Kami minta Kepolisian proses hukum terhadap para pelakunya penyebar ideologi khilafah. Jangan dibiarkan berkembang karena organisasi itu sudah dilarang
Kupang (ANTARA) - Wakil Gubernur Nusa Tenggara Timur, Josef A Nae Soe meminta aparat Kepolisian setempat memroses secara hukum terhadap aktivis HTI yang menyebarkan ideologi khilafah melalui brosur dan video di daerah ini.
"Kami minta Kepolisian proses hukum terhadap para pelakunya penyebar ideologi khilafah.
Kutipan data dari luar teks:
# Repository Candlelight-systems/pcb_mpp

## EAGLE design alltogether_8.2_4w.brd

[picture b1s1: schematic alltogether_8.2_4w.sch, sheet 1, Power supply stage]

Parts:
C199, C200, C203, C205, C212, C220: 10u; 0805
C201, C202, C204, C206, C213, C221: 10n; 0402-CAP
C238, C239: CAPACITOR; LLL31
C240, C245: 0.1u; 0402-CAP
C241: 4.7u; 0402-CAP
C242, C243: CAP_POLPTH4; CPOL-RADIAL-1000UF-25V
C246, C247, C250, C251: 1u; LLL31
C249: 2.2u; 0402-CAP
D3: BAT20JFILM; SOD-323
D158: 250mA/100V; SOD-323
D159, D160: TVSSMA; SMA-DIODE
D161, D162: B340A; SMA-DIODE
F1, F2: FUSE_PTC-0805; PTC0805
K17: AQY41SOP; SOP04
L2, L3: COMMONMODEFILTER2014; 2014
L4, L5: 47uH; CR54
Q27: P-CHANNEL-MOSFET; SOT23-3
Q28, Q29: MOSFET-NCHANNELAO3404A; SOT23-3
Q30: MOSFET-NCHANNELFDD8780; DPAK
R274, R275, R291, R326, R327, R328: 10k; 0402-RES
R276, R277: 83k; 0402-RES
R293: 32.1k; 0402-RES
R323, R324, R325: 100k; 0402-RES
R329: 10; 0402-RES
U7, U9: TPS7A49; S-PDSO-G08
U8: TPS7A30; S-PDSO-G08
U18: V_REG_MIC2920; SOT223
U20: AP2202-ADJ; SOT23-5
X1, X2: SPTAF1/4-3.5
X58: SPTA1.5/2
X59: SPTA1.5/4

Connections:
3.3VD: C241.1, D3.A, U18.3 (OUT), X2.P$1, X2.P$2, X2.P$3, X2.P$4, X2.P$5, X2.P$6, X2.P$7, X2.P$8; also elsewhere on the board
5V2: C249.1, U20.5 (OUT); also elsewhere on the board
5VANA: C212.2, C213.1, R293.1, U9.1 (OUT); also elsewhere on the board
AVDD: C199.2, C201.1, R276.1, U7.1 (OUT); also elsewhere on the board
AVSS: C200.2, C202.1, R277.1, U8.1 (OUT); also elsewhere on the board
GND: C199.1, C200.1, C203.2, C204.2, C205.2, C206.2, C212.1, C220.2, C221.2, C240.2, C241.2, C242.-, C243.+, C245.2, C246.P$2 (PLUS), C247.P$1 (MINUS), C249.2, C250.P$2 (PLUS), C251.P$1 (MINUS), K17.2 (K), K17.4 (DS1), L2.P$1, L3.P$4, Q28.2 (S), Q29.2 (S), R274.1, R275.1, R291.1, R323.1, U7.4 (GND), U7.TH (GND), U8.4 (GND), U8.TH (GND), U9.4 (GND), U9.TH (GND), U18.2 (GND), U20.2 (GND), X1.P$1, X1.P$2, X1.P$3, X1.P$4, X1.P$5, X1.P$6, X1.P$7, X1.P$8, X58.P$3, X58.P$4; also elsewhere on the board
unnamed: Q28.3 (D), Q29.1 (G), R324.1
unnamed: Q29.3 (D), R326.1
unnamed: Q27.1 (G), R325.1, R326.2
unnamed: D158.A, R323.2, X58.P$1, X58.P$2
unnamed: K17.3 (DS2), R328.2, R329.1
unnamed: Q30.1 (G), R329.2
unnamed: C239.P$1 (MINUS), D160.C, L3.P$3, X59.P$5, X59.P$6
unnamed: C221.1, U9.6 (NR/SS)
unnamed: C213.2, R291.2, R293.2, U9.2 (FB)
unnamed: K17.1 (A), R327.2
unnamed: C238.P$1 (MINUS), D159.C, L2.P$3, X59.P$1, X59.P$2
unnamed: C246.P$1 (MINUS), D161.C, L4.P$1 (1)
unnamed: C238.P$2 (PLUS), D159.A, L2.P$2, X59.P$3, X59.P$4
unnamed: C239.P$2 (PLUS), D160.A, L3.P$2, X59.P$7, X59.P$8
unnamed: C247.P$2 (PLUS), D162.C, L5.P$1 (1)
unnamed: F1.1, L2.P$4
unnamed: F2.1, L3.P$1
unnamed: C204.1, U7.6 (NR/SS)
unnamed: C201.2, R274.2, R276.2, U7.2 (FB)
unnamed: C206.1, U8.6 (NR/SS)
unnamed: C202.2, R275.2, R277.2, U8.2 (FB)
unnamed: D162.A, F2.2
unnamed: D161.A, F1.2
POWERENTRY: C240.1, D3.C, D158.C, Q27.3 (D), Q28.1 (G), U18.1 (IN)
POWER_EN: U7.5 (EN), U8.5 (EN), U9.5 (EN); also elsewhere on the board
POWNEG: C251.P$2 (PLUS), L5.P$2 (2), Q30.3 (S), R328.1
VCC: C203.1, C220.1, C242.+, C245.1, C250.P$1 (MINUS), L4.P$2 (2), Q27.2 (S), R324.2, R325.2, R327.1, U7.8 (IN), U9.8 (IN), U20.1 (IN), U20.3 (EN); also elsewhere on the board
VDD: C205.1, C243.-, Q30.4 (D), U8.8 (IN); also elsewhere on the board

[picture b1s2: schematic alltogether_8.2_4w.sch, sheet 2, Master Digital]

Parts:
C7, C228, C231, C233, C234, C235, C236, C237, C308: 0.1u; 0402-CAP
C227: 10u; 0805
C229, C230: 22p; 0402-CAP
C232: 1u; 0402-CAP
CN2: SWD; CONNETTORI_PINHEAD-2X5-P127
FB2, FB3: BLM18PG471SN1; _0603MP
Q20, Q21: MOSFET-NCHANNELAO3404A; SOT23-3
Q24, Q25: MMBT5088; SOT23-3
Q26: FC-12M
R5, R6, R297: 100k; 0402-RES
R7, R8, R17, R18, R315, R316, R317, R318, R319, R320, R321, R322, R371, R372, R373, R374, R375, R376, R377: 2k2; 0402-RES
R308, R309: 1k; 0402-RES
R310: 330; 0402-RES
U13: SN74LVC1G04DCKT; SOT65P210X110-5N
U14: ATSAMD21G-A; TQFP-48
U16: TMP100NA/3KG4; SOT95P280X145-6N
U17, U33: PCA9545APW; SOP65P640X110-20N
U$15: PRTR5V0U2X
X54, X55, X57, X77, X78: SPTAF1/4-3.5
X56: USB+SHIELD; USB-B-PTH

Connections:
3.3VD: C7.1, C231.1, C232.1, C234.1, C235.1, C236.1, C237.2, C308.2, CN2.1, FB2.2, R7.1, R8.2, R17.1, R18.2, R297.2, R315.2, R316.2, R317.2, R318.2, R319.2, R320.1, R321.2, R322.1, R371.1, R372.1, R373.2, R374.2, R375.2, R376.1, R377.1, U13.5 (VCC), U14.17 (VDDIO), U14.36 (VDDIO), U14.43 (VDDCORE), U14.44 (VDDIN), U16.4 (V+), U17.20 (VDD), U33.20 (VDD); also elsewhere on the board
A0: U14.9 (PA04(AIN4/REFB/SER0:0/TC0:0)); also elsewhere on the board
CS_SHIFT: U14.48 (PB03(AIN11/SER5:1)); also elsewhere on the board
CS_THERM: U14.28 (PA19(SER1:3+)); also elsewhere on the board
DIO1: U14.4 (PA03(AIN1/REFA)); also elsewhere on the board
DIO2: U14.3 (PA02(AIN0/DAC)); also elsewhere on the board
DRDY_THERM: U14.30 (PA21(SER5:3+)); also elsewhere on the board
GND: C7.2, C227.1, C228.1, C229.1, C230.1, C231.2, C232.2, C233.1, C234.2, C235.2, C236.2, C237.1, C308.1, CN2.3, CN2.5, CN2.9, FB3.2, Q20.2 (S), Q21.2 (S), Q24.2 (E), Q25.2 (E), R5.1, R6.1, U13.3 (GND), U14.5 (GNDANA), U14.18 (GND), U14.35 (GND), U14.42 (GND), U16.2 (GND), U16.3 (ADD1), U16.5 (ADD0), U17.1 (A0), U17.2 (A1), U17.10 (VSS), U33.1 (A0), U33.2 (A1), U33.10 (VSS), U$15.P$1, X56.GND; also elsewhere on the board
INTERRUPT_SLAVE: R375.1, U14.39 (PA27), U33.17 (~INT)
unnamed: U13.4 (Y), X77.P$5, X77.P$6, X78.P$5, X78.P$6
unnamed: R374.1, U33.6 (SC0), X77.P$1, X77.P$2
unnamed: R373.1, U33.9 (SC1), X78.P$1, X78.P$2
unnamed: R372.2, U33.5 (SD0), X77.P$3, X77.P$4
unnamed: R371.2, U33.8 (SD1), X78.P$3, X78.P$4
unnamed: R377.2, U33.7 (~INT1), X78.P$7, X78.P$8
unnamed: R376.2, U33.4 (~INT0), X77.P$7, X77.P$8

Jangan dibiarkan berkembang karena organisasi itu sudah dilarang," ucap Josef A Nae Soi menegaskan kepada wartawan usai mengikuti upacara HUT Pancasila bersama Presiden Joko Widodo yang dilakukan secara virtual, Senin.
Josef A Nae Soe mengatakan hal itu terkait ditangkapnya Ketua HTI NTT, Suryadi Koda yang menyebarkan brosur dan video untuk menyebarkan ideologi khilafah di NTT.
Baca juga: Polisi tangkap suami istri penyebar ideologi khilafah di Kupang
Menurut Josef, aturan yang melarang terhadap identitas atau ajaran-ajaran yang bertentangan dengan ideologi negara masih berlaku.
Sehingga kata Josef, terhadap organisasi yang melakukan penyebaran ideologi khilafah yang bertentangan dengan Pancasila harus dilarang.
Ia mengatakan, pemerintah NTT mendukung penuh terhadap upaya aparat keamanan untuk melakukan penegakan hukum terhadap organisai yang menyebarkan ideologi di luar ideologi negara Pancasila.
"Terhadap gangguan yang mengusung identitas di luar ideologi negara dilarang, sehingga terhadap mereka yang menyebarkan ideologi yang lain diproses secara hukum," tuturnya.
Baca juga: HTI di Kupang, tamparan keras bagi pemprov dan penegak hukum
Ia mengatakan, apabila negara melarang suatu organisasi terlarang hidup di negara ini, maka tidak boleh dibiarkan berkembang, termasuk di NTT.
"Organisasi HTI sudah dilarang oleh pemerintah pusat, sehingga terhadap mereka harus diproses secara hukum," ujarnya.
Ia mengatakan, pihak Kepolisian agar memroses secara hukum terhadap para anggota HTI yang menyebarkan ajaran dil uar ideologi sehingga NTT bebas dari kegiatan organisasi terlarang.